PROBLEM DETAILS =
Print every entry word for word, but omit the pictures.

SUPPLIED RECORDS =
---

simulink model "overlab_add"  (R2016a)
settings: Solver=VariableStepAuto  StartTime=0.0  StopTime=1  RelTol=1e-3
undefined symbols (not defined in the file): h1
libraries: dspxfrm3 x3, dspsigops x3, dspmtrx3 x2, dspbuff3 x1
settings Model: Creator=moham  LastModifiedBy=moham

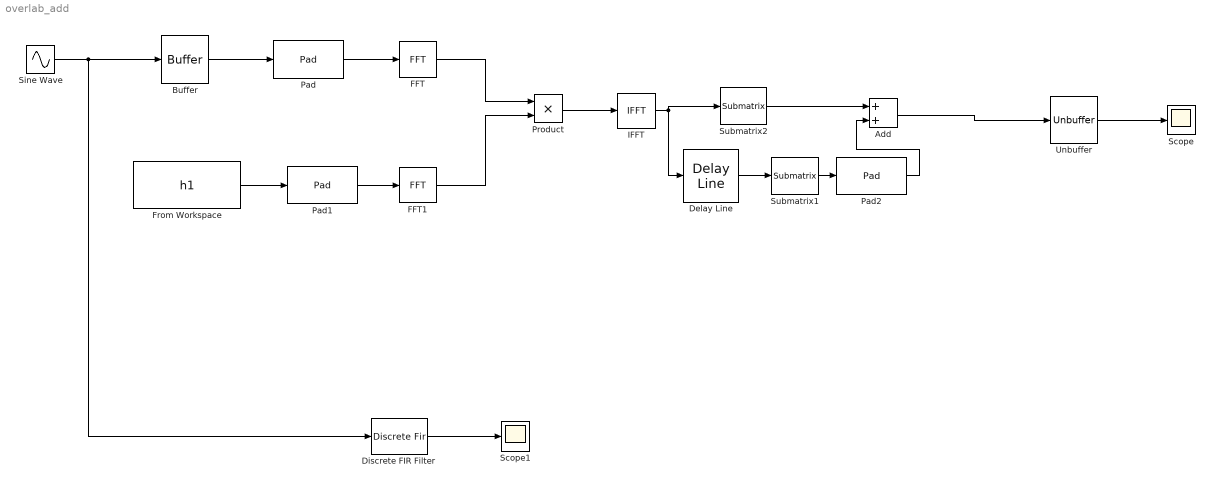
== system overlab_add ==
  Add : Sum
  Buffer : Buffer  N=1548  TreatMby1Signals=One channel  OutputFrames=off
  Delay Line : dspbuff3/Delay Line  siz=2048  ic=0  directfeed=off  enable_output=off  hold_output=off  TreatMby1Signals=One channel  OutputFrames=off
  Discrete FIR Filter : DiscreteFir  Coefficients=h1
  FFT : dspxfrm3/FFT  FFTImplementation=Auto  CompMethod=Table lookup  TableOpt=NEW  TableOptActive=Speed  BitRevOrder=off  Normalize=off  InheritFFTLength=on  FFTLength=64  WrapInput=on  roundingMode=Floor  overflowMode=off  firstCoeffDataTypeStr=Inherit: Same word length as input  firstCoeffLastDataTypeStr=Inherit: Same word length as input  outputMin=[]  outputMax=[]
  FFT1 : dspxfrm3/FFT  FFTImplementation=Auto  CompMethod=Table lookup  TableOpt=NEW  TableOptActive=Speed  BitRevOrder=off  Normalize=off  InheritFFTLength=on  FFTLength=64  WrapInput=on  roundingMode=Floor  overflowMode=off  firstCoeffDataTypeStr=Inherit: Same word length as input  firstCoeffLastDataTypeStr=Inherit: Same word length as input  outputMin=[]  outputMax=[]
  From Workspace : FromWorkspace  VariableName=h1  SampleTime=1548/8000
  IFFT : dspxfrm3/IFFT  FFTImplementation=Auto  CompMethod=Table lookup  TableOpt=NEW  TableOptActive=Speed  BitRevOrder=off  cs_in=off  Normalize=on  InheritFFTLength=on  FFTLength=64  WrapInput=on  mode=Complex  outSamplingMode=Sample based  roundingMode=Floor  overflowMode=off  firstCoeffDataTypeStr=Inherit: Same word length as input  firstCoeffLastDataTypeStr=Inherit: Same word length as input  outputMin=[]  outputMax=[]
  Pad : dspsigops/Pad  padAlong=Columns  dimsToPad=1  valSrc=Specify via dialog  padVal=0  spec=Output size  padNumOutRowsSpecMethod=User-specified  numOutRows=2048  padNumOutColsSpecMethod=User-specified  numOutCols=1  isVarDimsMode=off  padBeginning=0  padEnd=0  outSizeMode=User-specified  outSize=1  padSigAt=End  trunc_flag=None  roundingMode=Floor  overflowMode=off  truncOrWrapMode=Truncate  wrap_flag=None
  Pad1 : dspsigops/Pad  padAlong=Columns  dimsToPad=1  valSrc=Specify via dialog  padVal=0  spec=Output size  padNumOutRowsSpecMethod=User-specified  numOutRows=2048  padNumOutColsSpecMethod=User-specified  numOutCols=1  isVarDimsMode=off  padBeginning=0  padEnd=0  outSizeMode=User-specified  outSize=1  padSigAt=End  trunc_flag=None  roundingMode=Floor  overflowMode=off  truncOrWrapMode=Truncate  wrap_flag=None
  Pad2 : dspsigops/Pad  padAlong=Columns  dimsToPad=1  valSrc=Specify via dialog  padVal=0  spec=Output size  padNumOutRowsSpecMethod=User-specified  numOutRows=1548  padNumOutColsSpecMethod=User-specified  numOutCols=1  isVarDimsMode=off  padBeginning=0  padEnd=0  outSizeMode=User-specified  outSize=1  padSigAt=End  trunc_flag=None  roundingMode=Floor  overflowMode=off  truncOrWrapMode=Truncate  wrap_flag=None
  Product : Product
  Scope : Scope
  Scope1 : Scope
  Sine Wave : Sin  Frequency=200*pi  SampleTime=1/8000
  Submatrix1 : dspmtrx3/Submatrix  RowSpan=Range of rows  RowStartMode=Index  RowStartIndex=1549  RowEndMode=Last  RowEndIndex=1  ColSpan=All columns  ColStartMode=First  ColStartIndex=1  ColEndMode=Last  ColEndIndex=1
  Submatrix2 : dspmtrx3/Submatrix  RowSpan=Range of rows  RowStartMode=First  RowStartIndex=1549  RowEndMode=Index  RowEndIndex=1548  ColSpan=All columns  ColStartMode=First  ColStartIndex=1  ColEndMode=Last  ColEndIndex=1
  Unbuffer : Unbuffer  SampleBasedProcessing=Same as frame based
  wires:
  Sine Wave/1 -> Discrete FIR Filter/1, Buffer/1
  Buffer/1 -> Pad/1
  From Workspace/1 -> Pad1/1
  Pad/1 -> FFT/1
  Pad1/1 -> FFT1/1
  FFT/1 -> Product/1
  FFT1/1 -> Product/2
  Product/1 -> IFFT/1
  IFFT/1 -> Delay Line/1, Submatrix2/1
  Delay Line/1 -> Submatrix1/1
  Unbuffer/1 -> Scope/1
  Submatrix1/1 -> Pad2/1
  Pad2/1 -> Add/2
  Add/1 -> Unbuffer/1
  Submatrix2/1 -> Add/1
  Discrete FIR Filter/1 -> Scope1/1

---

TASK OUTPUT =
simulink model "overlab_add"  (R2016a)
settings: Solver=VariableStepAuto  StartTime=0.0  StopTime=1  RelTol=1e-3
undefined symbols (not defined in the file): h1
libraries: dspxfrm3 x3, dspsigops x3, dspmtrx3 x2, dspbuff3 x1
settings Model: Creator=moham  LastModifiedBy=moham

== system overlab_add ==
  Add : Sum
  Buffer : Buffer  N=1548  TreatMby1Signals=One channel  OutputFrames=off
  Delay Line : dspbuff3/Delay Line  siz=2048  ic=0  directfeed=off  enable_output=off  hold_output=off  TreatMby1Signals=One channel  OutputFrames=off
  Discrete FIR Filter : DiscreteFir  Coefficients=h1
  FFT : dspxfrm3/FFT  FFTImplementation=Auto  CompMethod=Table lookup  TableOpt=NEW  TableOptActive=Speed  BitRevOrder=off  Normalize=off  InheritFFTLength=on  FFTLength=64  WrapInput=on  roundingMode=Floor  overflowMode=off  firstCoeffDataTypeStr=Inherit: Same word length as input  firstCoeffLastDataTypeStr=Inherit: Same word length as input  outputMin=[]  outputMax=[]
  FFT1 : dspxfrm3/FFT  FFTImplementation=Auto  CompMethod=Table lookup  TableOpt=NEW  TableOptActive=Speed  BitRevOrder=off  Normalize=off  InheritFFTLength=on  FFTLength=64  WrapInput=on  roundingMode=Floor  overflowMode=off  firstCoeffDataTypeStr=Inherit: Same word length as input  firstCoeffLastDataTypeStr=Inherit: Same word length as input  outputMin=[]  outputMax=[]
  From Workspace : FromWorkspace  VariableName=h1  SampleTime=1548/8000
  IFFT : dspxfrm3/IFFT  FFTImplementation=Auto  CompMethod=Table lookup  TableOpt=NEW  TableOptActive=Speed  BitRevOrder=off  cs_in=off  Normalize=on  InheritFFTLength=on  FFTLength=64  WrapInput=on  mode=Complex  outSamplingMode=Sample based  roundingMode=Floor  overflowMode=off  firstCoeffDataTypeStr=Inherit: Same word length as input  firstCoeffLastDataTypeStr=Inherit: Same word length as input  outputMin=[]  outputMax=[]
  Pad : dspsigops/Pad  padAlong=Columns  dimsToPad=1  valSrc=Specify via dialog  padVal=0  spec=Output size  padNumOutRowsSpecMethod=User-specified  numOutRows=2048  padNumOutColsSpecMethod=User-specified  numOutCols=1  isVarDimsMode=off  padBeginning=0  padEnd=0  outSizeMode=User-specified  outSize=1  padSigAt=End  trunc_flag=None  roundingMode=Floor  overflowMode=off  truncOrWrapMode=Truncate  wrap_flag=None
  Pad1 : dspsigops/Pad  padAlong=Columns  dimsToPad=1  valSrc=Specify via dialog  padVal=0  spec=Output size  padNumOutRowsSpecMethod=User-specified  numOutRows=2048  padNumOutColsSpecMethod=User-specified  numOutCols=1  isVarDimsMode=off  padBeginning=0  padEnd=0  outSizeMode=User-specified  outSize=1  padSigAt=End  trunc_flag=None  roundingMode=Floor  overflowMode=off  truncOrWrapMode=Truncate  wrap_flag=None
  Pad2 : dspsigops/Pad  padAlong=Columns  dimsToPad=1  valSrc=Specify via dialog  padVal=0  spec=Output size  padNumOutRowsSpecMethod=User-specified  numOutRows=1548  padNumOutColsSpecMethod=User-specified  numOutCols=1  isVarDimsMode=off  padBeginning=0  padEnd=0  outSizeMode=User-specified  outSize=1  padSigAt=End  trunc_flag=None  roundingMode=Floor  overflowMode=off  truncOrWrapMode=Truncate  wrap_flag=None
  Product : Product
  Scope : Scope
  Scope1 : Scope
  Sine Wave : Sin  Frequency=200*pi  SampleTime=1/8000
  Submatrix1 : dspmtrx3/Submatrix  RowSpan=Range of rows  RowStartMode=Index  RowStartIndex=1549  RowEndMode=Last  RowEndIndex=1  ColSpan=All columns  ColStartMode=First  ColStartIndex=1  ColEndMode=Last  ColEndIndex=1
  Submatrix2 : dspmtrx3/Submatrix  RowSpan=Range of rows  RowStartMode=First  RowStartIndex=1549  RowEndMode=Index  RowEndIndex=1548  ColSpan=All columns  ColStartMode=First  ColStartIndex=1  ColEndMode=Last  ColEndIndex=1
  Unbuffer : Unbuffer  SampleBasedProcessing=Same as frame based
  wires:
  Sine Wave/1 -> Discrete FIR Filter/1, Buffer/1
  Buffer/1 -> Pad/1
  From Workspace/1 -> Pad1/1
  Pad/1 -> FFT/1
  Pad1/1 -> FFT1/1
  FFT/1 -> Product/1
  FFT1/1 -> Product/2
  Product/1 -> IFFT/1
  IFFT/1 -> Delay Line/1, Submatrix2/1
  Delay Line/1 -> Submatrix1/1
  Unbuffer/1 -> Scope/1
  Submatrix1/1 -> Pad2/1
  Pad2/1 -> Add/2
  Add/1 -> Unbuffer/1
  Submatrix2/1 -> Add/1
  Discrete FIR Filter/1 -> Scope1/1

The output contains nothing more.